Centrée sur une institution d’État, cette enquête est aussi une contribution à la socio-histoire de l’État et de l’action publique. Placée sous la tutelle du ministre chargé de l’Information, puis des Affaires culturelles, la Commission de contrôle des films cinématographiques assemble des représentants de ministères, des experts et des professionnels du cinéma. Elle est l’enjeu de mobilisations d’acteurs variés : des acteurs du champ du ciné­ma (réalisateurs, producteurs, distributeurs, critiques, etc.), des agents des champs politique et bureaucratique (hauts fonction­naires, parlementaires, ministres, voire le président de la République), des entrepreneurs de morale (en particulier les clercs de l’Église catholique), des journalistes, des intellectuels. Organisant des transactions entre les différents secteurs sociaux, cette institution participe des « puissantes formes intersectorielles de domination » qui caractérisent l’État contemporain 10. La focale sur cette institution permet d’appréhender l’État comme un espace de régulation des rapports entre champs 11. Elle permet de rendre compte de la construction conflictuelle, contingente et multisectorielle des actes d’État, y compris, de la manière la plus inattendue, de ceux commis au nom de la raison d’État.

Cette enquête est également une contribution à la sociologie des arts et de la culture, et en particulier à la sociologie du cinéma.
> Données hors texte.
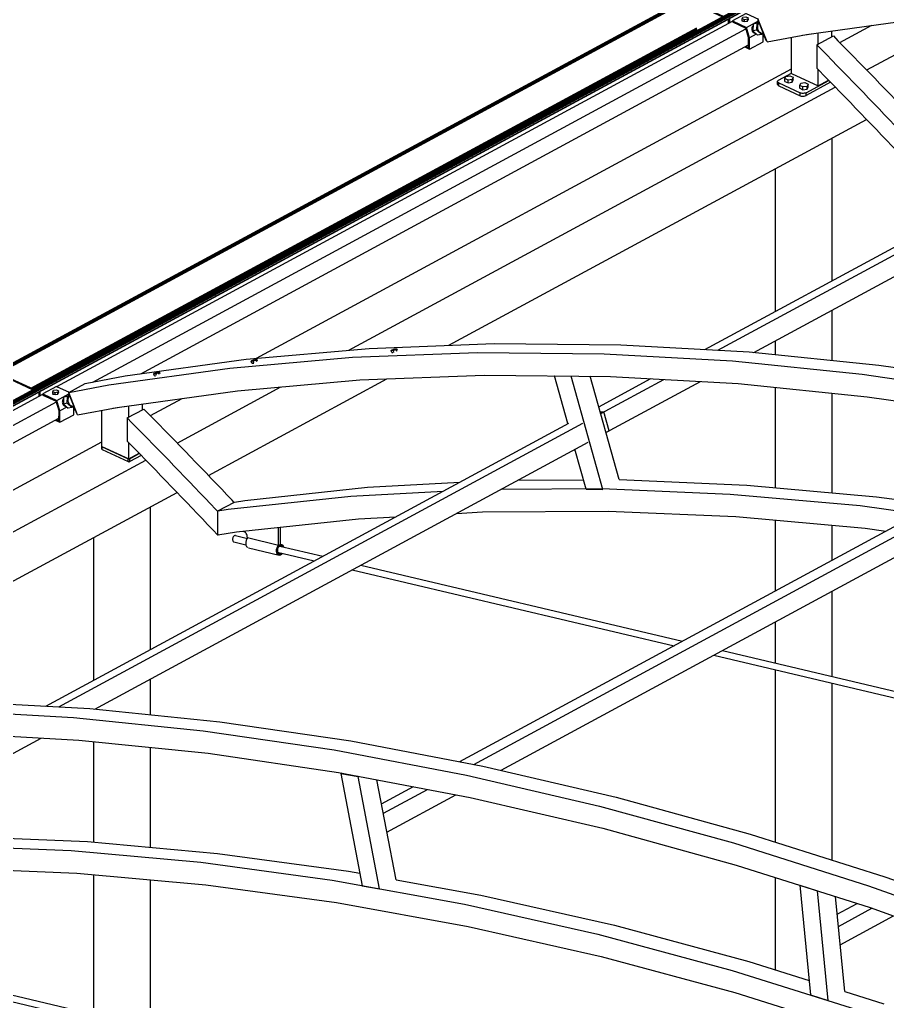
# Model space of a CAD drawing. Header units: millimetres. Extents: x 374 to 117179, y 600 to 17652.
# Drawn here: x 3684 to 5819, y 11106 to 13522 of the extents above; entities that cross this region are included whole.
import ezdxf

# ---------------------------------------------------------------- set-up
doc = ezdxf.new("R2010")
doc.units = ezdxf.units.MM

# ---------------------------------------------------------------- blocks, each defined once
blk = doc.blocks.new('Part-502061-13784 - 2165')
at = {"color": 7, "linetype": 'Continuous'}
for p, q in [((3536.9, 11512.7), (3850.9, 11499.4)), ((3850.9, 11499.4), (4170.4, 11470.6)), ((3494.6, 11490.8), (3810.2, 11477.3)), ((3810.2, 11477.3), (4129.6, 11448.6)), ((4170.4, 11470.6), (4493.2, 11426.7)), ((3510.1, 11435), (3824.2, 11421.6)), ((4129.6, 11448.6), (4452.5, 11404.7)), ((4493.2, 11426.7), (4520.6, 11421.8)), ((3824.2, 11421.6), (4142.1, 11393)), ((4452.5, 11404.7), (4778.3, 11345.6)), ((4610, 11405.6), (4819, 11367.7)), ((4142.1, 11393), (4463.4, 11349.3)), ((4819, 11367.7), (5147.5, 11293.5)), ((4463.4, 11349.3), (4787.8, 11290.5)), ((4778.3, 11345.6), (5106.8, 11271.5)), ((4787.8, 11290.5), (5114.6, 11216.7)), ((5147.5, 11293.5), (5478.1, 11204.4)), ((5106.8, 11271.5), (5437.3, 11182.4)), ((5114.6, 11216.7), (5443.7, 11128)), ((5478.1, 11204.4), (5626.8, 11157.9)), ((5437.3, 11182.4), (5769.7, 11078.4)), ((5443.7, 11128), (5774.4, 11024.5)), ((5714.7, 11130.4), (5810.4, 11100.4))]:
    blk.add_line(p, q, dxfattribs=at)
blk = doc.blocks.new('Bolt-502061-13904 - 2165')
at = {"color": 7, "linetype": 'Continuous'}
for p, q in [((4253.6, 12681.3), (4255.5, 12683.5)), ((4255.5, 12683.5), (4262.5, 12686.1)), ((4265.6, 12684.2), (4258.7, 12681.7)), ((4262.5, 12686.1), (4267.5, 12686.4)), ((4267.5, 12686.4), (4265.6, 12684.2)), ((4267.1, 12679.7), (4265.6, 12684.2)), ((4269, 12681.8), (4267.5, 12686.4)), ((4258.7, 12681.7), (4253.6, 12681.3)), ((4255.2, 12676.6), (4253.6, 12681.3)), ((4255.2, 12676.6), (4260.2, 12677)), ((4260.2, 12677), (4258.7, 12681.7))]:
    blk.add_line(p, q, dxfattribs=at)
blk = doc.blocks.new('Bolt-502061-13905 - 2165')
at = {"color": 7, "linetype": 'Continuous'}
for p, q in [((4013.9, 12650), (4015.9, 12652.1)), ((4018.9, 12650.6), (4013.9, 12650)), ((4015.6, 12645.4), (4013.9, 12650)), ((4015.6, 12645.4), (4018, 12645.7)), ((4015.9, 12652.1), (4022.8, 12654.8)), ((4025.8, 12653.3), (4018.9, 12650.6)), ((4020.5, 12646), (4018.9, 12650.6)), ((4022.8, 12654.8), (4027.7, 12655.4)), ((4027.7, 12655.4), (4025.8, 12653.3)), ((4027.3, 12648.8), (4025.8, 12653.3)), ((4029.3, 12650.8), (4027.7, 12655.4))]:
    blk.add_line(p, q, dxfattribs=at)
blk = doc.blocks.new('Part-502061-13756 - 2165')
at = {"color": 7, "linetype": 'Continuous'}
for p, q in [((2585.3, 11367.3), (2585.2, 11365.8)), ((2585.2, 11365.8), (2585.3, 11364.3)), ((2585.6, 11368.8), (2585.3, 11367.3)), ((2585.3, 11364.3), (2585.6, 11362.9)), ((2586.1, 11370.3), (2585.6, 11368.8)), ((2585.6, 11362.9), (2586.2, 11361.7)), ((2586.8, 11371.7), (2586.1, 11370.3)), ((2586.2, 11361.7), (2586.9, 11360.7)), ((2587.7, 11372.8), (2586.8, 11371.7)), ((2586.9, 11360.7), (2587.7, 11360)), ((2588.6, 11373.8), (2587.7, 11372.8)), ((2587.7, 11360), (2588.7, 11359.5)), ((2589.7, 11374.5), (2588.6, 11373.8)), ((2588.7, 11359.5), (2618, 11352.6)), ((2590.7, 11375), (2589.7, 11374.5)), ((2591.8, 11375.1), (2590.7, 11375)), ((2592.9, 11374.9), (2591.8, 11375.1)), ((2592.9, 11374.9), (2622, 11368)), ((2696.3, 11334.1), (5463.3, 10681.3)), ((2701.5, 11349.3), (5437.9, 10703.7)), ((5459.8, 10687.5), (5459.9, 10689.1)), ((5459.9, 10686.1), (5459.8, 10687.5)), ((5459.9, 10689.1), (5460.2, 10690.6)), ((5460.2, 10684.7), (5459.9, 10686.1)), ((5460.2, 10690.6), (5460.7, 10692.1)), ((5460.8, 10683.5), (5460.2, 10684.7)), ((5460.7, 10692.1), (5461.4, 10693.5)), ((5461.4, 10682.5), (5460.8, 10683.5)), ((5461.4, 10693.5), (5462.2, 10694.6)), ((5462.3, 10681.8), (5461.4, 10682.5)), ((5462.2, 10694.6), (5462.3, 10694.7)), ((5463.3, 10681.3), (5462.3, 10681.8)), ((5464.3, 10681.1), (5463.3, 10681.3)), ((5464.3, 10681.1), (5464.3, 10681.1))]:
    blk.add_line(p, q, dxfattribs=at)
blk = doc.blocks.new('Part-502061-13758 - 2165')
at = {"color": 7, "linetype": 'Continuous'}
for p, q in [((7320.6, 12175.1), (7328.8, 12172.5)), ((5845.4, 11401.4), (7240.8, 12156.2)), ((7321.3, 12168.4), (7328.8, 12172.5)), ((7333.2, 12127.4), (7328.8, 12172.5)), ((5880.2, 11388.9), (7277.2, 12144.6)), ((7325.7, 12123.4), (7333.2, 12127.4)), ((5932.9, 11370), (7281.6, 12099.5)), ((5696, 11320.6), (5745.2, 11347.2)), ((5699, 11290.9), (5781.5, 11335.5)), ((5703.4, 11245.9), (5834.2, 11316.6))]:
    blk.add_line(p, q, dxfattribs=at)
blk = doc.blocks.new('Part-502061-13759 - 2165')
at = {"color": 7, "linetype": 'Continuous'}
for p, q in [((3540.9, 11844.5), (3856.6, 11826.8)), ((3500.1, 11822.5), (3815.9, 11804.8)), ((3856.6, 11826.8), (4176, 11794.3)), ((3815.9, 11804.8), (4135.3, 11772.3)), ((4176, 11794.3), (4498.6, 11747.2)), ((3515.2, 11766.7), (3829.5, 11749.1)), ((4135.3, 11772.3), (4457.9, 11725.2)), ((3829.5, 11749.1), (4147.4, 11716.8)), ((4498.6, 11747.2), (4824, 11685.4)), ((4147.4, 11716.8), (4468.6, 11669.8)), ((4457.9, 11725.2), (4783.3, 11663.3)), ((4468.6, 11669.8), (4792.5, 11608.3)), ((4824, 11685.4), (5151.9, 11609)), ((4783.3, 11663.3), (5111.2, 11587)), ((4792.5, 11608.3), (5118.8, 11532.3)), ((5151.9, 11609), (5481.7, 11518.2)), ((5111.2, 11587), (5441, 11496.1)), ((5118.8, 11532.3), (5447.2, 11441.8)), ((5481.7, 11518.2), (5813.2, 11413)), ((5441, 11496.1), (5772.5, 11390.9)), ((5447.2, 11441.8), (5777.1, 11337.1)), ((5813.2, 11413), (6145.9, 11293.5)), ((5772.5, 11390.9), (6105.2, 11271.5)), ((5777.1, 11337.1), (6108.3, 11218.2))]:
    blk.add_line(p, q, dxfattribs=at)
blk = doc.blocks.new('Part-502061-13947 - 2165')
at = {"color": 7, "linetype": 'Continuous'}
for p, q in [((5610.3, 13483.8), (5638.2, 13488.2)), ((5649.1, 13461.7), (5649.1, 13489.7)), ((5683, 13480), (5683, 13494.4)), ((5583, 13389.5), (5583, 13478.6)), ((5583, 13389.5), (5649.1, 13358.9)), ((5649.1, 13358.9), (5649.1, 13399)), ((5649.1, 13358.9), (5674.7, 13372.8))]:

Comme Pierre Bourdieu le note, « on peut dire d’une institution, d’une personne, d’un agent, qu’ils existent dans un champ quand ils y produisent des effets 12 » : c’est assurément le cas de la censure pour le champ du cinéma 13. Dans les années 1960, le cinéma subit une emprise de la censure d’État qu’on pourrait qualifier d’autoritaire, malgré le contexte démocratique 14. Cette institution est en particulier un excellent observatoire des rapports entre art et politique 15, tout particulièrement dans une période critique où la légitimité de l’engagement politique pour les cinéastes, artistes ou écrivains se redéfinit 16.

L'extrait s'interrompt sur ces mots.